*WHAT TO PRODUCE:* Once you find the line containing "#244=ADVANCED_FACE('F503',(#243),#216,.F.);" in the data below, copy it and each following line exactly, up to and including the line containing "#255=VERTEX_POINT('',#254);", and nothing else.

*EXTRACTED RECORDS:*
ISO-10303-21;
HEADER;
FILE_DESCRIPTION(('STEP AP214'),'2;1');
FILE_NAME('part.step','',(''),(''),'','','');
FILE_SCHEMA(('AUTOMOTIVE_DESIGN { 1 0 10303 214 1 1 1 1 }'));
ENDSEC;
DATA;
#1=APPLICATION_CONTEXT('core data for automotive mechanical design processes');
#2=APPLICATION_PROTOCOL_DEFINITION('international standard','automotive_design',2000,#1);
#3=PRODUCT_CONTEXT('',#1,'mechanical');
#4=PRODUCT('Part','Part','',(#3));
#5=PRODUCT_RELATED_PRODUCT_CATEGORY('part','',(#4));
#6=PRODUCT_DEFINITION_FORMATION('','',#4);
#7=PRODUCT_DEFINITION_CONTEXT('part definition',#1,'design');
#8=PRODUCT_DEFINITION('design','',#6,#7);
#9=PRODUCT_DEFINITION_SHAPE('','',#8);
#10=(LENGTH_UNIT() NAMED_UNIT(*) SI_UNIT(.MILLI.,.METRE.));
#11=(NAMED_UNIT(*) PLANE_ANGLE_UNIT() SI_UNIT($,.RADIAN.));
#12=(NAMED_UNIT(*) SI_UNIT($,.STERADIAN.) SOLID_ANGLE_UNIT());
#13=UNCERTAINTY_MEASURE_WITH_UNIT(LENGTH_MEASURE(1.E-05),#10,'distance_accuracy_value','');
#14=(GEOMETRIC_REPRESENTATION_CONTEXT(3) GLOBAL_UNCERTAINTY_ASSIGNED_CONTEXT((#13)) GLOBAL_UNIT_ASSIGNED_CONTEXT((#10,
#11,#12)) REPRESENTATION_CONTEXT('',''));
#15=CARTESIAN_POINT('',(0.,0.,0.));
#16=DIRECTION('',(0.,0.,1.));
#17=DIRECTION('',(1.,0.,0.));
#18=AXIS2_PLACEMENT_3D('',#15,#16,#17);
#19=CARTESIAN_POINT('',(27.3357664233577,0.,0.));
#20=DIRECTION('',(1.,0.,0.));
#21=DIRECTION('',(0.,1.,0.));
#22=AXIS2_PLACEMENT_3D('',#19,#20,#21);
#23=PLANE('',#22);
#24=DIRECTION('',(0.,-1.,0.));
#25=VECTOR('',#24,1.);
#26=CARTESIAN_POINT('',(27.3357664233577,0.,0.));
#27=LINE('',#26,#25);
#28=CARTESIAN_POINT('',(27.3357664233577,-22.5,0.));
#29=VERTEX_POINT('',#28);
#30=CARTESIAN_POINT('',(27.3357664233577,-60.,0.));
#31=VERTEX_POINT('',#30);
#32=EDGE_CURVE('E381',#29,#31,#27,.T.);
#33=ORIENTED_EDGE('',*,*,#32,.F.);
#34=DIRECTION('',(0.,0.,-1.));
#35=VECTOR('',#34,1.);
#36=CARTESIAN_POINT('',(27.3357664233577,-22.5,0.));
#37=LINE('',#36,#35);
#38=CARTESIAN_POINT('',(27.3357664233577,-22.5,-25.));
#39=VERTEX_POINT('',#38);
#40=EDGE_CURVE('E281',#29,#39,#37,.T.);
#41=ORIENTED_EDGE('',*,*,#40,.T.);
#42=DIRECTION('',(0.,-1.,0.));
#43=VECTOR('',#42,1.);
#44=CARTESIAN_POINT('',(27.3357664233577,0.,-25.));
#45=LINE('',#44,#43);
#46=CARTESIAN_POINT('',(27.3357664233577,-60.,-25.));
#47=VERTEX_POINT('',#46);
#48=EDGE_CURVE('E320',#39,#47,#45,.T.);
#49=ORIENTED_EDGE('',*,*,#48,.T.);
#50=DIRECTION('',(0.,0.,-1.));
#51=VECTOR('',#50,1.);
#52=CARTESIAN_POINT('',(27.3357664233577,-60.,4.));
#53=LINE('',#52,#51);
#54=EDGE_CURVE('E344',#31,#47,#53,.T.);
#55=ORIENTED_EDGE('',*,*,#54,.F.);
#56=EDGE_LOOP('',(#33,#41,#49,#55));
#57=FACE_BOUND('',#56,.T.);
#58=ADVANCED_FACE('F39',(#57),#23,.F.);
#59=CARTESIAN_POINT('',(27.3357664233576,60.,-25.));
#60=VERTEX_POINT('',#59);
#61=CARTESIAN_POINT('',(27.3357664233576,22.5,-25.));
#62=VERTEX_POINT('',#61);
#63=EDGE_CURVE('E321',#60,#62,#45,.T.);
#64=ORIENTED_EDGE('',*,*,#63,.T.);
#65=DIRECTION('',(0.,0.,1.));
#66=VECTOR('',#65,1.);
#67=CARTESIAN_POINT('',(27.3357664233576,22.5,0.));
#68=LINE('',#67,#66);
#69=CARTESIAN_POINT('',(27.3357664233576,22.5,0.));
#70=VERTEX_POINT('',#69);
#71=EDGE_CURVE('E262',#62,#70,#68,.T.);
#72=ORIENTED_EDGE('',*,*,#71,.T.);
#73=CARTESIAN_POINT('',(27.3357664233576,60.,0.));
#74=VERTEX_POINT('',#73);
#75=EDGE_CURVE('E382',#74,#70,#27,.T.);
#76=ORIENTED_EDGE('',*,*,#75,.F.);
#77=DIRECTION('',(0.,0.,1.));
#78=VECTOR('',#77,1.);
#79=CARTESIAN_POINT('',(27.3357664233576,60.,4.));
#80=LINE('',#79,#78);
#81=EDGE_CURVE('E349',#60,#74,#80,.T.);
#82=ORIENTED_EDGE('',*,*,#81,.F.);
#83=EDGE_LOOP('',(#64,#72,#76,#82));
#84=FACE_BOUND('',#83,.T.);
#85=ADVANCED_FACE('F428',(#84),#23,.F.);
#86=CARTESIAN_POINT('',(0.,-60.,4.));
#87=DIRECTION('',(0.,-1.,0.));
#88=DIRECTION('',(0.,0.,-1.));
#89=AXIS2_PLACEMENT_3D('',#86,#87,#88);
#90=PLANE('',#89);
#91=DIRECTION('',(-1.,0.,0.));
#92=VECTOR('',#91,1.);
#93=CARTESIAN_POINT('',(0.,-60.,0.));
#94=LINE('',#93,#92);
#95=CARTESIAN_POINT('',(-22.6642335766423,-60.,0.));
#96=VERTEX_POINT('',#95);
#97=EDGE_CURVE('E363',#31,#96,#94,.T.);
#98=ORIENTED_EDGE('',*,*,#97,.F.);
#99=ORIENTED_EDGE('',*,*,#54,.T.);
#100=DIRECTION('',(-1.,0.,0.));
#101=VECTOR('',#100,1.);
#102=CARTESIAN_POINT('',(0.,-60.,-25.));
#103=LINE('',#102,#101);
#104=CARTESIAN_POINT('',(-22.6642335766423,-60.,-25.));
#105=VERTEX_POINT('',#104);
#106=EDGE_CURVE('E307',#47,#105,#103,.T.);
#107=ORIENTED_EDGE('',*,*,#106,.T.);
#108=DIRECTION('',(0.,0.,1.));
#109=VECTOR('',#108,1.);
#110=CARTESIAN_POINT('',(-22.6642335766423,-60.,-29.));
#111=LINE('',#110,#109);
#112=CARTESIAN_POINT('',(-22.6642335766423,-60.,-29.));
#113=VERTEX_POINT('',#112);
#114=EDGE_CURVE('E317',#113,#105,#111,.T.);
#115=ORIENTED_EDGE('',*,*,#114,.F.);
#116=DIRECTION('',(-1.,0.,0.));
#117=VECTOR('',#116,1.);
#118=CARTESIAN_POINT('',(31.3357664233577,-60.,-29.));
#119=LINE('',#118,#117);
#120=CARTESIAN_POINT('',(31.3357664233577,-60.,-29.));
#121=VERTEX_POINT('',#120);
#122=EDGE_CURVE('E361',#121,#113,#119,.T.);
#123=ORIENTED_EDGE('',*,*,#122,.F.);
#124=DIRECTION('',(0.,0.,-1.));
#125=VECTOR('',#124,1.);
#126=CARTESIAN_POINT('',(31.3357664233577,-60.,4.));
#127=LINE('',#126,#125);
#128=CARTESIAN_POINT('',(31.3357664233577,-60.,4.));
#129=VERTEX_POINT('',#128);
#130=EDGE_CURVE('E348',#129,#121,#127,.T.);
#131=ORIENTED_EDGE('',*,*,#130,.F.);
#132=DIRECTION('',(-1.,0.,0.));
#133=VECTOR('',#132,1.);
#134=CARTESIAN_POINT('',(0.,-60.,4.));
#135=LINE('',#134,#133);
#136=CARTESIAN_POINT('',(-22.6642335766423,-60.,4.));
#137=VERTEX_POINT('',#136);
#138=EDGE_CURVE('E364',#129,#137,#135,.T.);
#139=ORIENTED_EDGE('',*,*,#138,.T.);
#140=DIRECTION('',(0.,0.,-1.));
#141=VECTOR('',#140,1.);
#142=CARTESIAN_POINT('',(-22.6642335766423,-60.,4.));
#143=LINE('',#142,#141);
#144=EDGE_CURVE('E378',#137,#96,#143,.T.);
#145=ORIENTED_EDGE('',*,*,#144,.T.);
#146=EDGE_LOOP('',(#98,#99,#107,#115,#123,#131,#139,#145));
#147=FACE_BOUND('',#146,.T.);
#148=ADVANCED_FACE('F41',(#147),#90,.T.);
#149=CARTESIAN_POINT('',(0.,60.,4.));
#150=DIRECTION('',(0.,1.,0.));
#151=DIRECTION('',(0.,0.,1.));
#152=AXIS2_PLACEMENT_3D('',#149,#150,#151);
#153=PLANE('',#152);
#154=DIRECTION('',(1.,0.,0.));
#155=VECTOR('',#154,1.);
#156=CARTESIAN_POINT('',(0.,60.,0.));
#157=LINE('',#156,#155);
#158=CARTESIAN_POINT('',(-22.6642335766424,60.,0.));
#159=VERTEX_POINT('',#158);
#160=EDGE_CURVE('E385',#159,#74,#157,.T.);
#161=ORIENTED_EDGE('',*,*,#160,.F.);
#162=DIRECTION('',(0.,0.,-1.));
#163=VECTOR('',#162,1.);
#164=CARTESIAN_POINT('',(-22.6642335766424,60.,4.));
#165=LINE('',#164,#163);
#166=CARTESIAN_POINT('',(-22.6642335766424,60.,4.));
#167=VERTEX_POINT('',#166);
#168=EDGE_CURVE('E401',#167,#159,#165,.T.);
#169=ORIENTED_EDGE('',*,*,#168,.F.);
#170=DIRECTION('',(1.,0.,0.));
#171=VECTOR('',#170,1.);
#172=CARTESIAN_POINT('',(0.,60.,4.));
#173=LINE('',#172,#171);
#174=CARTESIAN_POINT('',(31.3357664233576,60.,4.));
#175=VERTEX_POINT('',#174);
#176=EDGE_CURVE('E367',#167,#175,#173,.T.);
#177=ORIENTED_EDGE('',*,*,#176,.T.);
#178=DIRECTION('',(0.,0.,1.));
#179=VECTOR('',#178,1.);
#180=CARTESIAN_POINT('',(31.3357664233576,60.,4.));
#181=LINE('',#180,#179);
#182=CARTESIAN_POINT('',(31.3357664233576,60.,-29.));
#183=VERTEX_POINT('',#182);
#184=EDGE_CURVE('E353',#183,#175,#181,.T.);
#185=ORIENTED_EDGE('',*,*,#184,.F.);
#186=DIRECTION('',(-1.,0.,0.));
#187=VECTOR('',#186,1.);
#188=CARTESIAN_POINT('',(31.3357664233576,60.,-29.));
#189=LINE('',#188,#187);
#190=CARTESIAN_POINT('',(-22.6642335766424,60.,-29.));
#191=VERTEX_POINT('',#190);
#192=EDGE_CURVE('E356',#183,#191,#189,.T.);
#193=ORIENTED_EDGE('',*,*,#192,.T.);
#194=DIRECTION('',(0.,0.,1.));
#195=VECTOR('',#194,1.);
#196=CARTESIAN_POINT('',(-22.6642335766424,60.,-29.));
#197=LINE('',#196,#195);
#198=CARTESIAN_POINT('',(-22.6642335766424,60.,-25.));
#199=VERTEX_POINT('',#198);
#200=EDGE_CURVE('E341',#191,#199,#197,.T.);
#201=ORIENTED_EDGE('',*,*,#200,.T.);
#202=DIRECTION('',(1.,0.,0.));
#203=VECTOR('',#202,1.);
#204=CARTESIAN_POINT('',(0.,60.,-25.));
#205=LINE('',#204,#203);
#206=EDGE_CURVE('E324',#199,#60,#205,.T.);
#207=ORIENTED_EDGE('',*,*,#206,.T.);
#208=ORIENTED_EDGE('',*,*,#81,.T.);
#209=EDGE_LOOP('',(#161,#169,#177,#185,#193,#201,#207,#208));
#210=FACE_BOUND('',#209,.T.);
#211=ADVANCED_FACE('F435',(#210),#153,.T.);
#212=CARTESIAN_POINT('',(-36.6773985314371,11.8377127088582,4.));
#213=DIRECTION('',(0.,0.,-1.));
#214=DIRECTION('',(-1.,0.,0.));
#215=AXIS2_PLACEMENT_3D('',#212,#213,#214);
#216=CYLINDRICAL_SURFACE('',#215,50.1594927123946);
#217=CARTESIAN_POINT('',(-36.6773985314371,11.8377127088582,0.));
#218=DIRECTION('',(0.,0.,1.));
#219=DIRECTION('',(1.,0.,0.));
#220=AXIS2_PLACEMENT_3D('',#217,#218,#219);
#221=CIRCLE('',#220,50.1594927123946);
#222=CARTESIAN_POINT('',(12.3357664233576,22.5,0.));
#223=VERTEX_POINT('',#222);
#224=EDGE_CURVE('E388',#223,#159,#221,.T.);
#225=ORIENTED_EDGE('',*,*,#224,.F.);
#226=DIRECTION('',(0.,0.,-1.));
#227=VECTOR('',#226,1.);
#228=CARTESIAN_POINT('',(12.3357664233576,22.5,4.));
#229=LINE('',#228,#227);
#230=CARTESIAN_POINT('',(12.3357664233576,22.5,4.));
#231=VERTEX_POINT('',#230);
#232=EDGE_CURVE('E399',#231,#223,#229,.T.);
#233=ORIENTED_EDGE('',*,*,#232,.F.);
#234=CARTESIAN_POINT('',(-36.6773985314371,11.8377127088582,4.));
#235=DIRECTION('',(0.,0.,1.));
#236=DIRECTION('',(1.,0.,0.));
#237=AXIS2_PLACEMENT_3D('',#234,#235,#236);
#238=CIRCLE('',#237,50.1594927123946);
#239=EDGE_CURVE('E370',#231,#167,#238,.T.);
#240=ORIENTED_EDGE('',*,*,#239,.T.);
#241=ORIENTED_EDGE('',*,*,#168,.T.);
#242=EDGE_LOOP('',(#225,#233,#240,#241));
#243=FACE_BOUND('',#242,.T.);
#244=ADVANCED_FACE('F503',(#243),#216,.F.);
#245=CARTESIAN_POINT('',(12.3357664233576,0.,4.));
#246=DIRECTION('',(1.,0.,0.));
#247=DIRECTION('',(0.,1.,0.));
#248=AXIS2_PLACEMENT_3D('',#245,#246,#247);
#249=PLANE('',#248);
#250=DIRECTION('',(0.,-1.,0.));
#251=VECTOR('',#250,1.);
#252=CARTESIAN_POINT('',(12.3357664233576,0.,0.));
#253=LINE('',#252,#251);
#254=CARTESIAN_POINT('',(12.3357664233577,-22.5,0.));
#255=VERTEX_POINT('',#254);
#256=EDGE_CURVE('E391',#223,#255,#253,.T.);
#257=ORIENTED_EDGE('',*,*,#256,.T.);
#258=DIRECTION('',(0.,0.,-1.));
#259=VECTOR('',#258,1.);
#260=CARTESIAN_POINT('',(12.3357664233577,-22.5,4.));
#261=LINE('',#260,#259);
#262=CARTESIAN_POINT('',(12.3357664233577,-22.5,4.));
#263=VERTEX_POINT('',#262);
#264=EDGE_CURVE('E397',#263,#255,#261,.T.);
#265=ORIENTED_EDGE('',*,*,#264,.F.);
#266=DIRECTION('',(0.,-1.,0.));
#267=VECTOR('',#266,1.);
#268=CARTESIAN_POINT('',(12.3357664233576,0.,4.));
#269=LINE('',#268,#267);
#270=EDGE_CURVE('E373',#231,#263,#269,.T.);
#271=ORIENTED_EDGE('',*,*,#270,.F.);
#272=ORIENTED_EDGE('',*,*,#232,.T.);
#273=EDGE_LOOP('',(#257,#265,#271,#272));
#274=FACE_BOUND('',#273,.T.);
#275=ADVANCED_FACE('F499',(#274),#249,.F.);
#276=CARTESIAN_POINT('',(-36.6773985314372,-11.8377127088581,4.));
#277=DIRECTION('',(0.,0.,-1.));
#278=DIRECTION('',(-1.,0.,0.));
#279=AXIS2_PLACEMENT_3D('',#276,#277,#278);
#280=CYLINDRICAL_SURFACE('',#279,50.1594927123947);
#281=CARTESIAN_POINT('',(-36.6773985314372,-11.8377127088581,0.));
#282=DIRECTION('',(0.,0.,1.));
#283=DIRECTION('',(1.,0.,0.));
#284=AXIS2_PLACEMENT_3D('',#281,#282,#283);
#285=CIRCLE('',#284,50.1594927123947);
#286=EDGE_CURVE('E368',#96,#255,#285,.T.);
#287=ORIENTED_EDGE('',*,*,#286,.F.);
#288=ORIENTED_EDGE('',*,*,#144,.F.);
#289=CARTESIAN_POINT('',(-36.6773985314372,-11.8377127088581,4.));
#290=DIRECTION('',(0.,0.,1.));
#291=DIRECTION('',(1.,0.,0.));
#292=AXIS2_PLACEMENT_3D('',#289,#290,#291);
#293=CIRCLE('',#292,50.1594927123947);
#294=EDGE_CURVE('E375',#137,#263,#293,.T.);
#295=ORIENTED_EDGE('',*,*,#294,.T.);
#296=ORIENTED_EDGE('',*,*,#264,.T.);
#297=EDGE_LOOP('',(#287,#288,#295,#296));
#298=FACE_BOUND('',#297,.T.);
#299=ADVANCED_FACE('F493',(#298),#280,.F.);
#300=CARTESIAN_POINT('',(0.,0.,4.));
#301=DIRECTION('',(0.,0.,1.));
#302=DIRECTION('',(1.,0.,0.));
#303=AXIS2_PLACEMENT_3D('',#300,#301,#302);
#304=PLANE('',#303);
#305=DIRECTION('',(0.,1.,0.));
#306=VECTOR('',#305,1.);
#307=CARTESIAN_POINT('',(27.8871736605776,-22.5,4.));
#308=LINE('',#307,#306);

*RESULT FOR THIS TASK:*
#244=ADVANCED_FACE('F503',(#243),#216,.F.);
#245=CARTESIAN_POINT('',(12.3357664233576,0.,4.));
#246=DIRECTION('',(1.,0.,0.));
#247=DIRECTION('',(0.,1.,0.));
#248=AXIS2_PLACEMENT_3D('',#245,#246,#247);
#249=PLANE('',#248);
#250=DIRECTION('',(0.,-1.,0.));
#251=VECTOR('',#250,1.);
#252=CARTESIAN_POINT('',(12.3357664233576,0.,0.));
#253=LINE('',#252,#251);
#254=CARTESIAN_POINT('',(12.3357664233577,-22.5,0.));
#255=VERTEX_POINT('',#254);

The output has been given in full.